● **What the task asks**
In the entries below, how many lines contain "CIRCLE"? Answer with the number and nothing else.

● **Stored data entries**
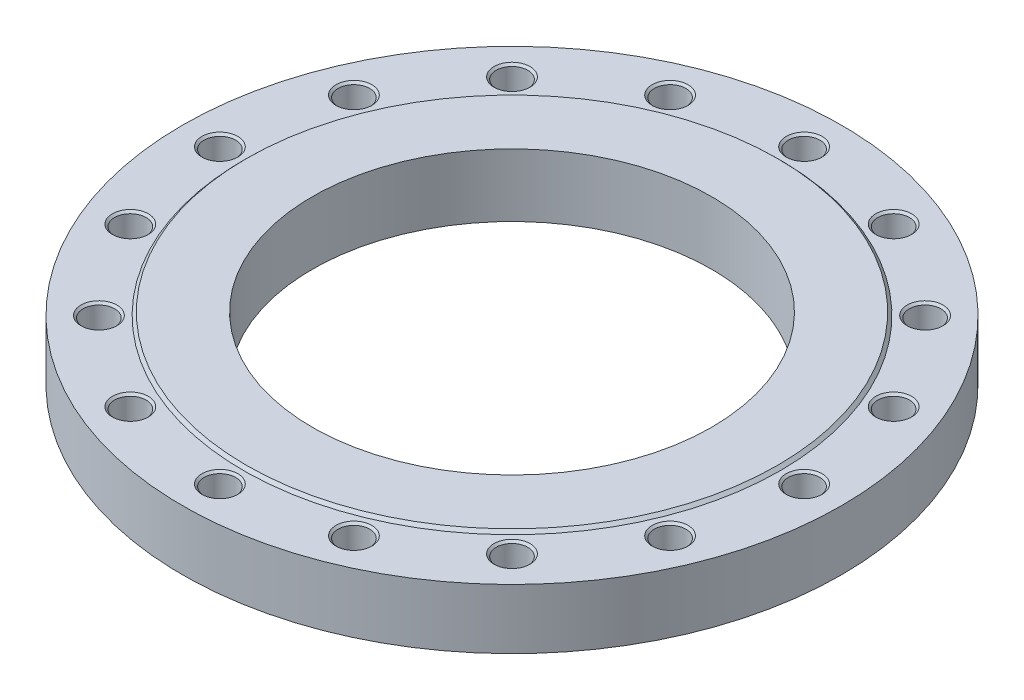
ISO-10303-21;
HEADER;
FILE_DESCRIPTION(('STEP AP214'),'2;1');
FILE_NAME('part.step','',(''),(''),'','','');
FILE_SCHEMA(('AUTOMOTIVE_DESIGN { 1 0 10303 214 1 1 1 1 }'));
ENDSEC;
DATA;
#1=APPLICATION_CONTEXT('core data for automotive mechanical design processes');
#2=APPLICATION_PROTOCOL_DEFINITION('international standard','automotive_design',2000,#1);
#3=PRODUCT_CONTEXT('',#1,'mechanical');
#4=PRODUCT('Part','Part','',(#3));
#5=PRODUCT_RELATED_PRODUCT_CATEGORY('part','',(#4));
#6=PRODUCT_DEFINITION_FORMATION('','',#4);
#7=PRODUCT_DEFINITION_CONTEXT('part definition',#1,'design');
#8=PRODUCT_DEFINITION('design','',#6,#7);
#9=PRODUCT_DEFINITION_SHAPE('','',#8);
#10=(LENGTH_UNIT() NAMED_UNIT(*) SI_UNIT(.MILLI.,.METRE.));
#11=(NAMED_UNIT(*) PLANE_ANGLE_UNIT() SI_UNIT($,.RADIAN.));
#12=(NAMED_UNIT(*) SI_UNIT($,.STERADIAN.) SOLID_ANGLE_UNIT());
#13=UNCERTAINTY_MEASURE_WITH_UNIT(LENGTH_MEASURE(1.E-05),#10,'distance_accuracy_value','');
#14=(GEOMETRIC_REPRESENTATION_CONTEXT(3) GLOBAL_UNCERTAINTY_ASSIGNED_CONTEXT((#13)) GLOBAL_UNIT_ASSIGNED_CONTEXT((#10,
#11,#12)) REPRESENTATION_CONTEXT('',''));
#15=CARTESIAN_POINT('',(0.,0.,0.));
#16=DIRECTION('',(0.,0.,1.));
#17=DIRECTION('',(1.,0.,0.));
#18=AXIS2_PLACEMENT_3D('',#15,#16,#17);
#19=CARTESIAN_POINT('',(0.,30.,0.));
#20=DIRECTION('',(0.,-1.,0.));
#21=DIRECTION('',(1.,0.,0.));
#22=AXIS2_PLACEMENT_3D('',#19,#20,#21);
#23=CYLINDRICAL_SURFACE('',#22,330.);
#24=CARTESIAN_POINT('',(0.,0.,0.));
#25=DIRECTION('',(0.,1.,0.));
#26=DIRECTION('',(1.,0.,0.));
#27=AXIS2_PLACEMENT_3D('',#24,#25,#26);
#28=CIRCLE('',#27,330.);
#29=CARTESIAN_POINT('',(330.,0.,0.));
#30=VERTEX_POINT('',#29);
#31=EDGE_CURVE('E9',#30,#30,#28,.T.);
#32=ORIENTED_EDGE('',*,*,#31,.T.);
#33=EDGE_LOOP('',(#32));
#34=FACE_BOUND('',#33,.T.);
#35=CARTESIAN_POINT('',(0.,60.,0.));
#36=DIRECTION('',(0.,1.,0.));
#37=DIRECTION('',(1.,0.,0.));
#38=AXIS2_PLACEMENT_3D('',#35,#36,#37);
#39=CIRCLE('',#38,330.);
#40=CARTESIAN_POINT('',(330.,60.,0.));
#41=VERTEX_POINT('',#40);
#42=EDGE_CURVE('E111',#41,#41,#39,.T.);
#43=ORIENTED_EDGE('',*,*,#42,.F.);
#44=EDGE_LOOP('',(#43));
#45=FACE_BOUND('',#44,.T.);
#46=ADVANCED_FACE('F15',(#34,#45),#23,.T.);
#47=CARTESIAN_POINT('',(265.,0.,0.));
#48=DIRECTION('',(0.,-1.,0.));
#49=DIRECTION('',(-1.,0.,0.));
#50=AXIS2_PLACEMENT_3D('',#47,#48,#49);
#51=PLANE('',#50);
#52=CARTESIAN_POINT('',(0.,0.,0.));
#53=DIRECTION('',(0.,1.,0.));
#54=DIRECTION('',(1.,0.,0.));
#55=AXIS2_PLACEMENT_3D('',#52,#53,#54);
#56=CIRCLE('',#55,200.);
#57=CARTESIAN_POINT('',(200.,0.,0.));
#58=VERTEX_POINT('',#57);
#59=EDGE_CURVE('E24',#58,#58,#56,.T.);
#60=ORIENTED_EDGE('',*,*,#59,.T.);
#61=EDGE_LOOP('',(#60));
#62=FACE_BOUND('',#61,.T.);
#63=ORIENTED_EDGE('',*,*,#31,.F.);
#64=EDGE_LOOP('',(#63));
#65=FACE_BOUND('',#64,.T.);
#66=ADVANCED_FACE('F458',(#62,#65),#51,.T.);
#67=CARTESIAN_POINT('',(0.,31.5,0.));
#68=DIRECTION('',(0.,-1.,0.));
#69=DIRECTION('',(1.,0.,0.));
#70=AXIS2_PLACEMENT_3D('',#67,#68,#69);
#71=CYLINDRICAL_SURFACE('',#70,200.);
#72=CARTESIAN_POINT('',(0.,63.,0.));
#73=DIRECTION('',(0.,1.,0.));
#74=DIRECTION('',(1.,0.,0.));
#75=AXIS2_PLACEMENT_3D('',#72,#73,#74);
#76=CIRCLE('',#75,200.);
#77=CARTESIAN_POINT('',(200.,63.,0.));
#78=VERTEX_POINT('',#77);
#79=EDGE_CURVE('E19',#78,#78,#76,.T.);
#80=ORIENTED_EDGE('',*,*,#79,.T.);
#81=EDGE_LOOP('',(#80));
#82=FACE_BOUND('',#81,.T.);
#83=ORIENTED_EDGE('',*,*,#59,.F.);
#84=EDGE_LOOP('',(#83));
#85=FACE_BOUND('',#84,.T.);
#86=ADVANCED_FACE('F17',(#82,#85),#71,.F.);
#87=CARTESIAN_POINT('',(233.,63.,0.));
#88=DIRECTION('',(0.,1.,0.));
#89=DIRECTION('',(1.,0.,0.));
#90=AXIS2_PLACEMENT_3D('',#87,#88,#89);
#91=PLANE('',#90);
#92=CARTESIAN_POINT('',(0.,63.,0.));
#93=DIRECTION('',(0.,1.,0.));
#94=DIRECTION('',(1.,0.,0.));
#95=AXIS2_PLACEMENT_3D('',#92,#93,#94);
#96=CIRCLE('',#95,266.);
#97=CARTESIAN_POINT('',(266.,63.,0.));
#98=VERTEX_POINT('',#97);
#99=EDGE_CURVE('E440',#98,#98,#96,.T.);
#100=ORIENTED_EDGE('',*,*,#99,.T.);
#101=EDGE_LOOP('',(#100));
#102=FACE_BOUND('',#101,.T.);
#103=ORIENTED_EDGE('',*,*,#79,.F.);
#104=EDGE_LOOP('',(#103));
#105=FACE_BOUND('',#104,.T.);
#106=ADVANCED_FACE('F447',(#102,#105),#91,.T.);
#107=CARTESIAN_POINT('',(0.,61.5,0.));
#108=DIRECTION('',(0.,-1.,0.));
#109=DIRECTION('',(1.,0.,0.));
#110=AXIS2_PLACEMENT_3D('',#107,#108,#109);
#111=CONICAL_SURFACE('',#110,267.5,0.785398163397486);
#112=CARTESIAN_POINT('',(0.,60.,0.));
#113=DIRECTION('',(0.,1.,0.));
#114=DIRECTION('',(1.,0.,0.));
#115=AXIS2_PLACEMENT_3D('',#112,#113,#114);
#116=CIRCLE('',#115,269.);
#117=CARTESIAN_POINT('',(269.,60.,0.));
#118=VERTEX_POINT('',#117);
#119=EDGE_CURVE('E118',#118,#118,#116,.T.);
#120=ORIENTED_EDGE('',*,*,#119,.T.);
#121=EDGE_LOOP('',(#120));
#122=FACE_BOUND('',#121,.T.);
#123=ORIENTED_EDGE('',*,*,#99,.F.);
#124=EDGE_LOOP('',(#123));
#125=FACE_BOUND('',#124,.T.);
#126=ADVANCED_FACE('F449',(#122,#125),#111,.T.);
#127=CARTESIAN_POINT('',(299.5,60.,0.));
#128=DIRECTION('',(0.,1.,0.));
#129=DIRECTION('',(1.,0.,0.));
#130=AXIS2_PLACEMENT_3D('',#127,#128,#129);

● **Output of the exercise**
6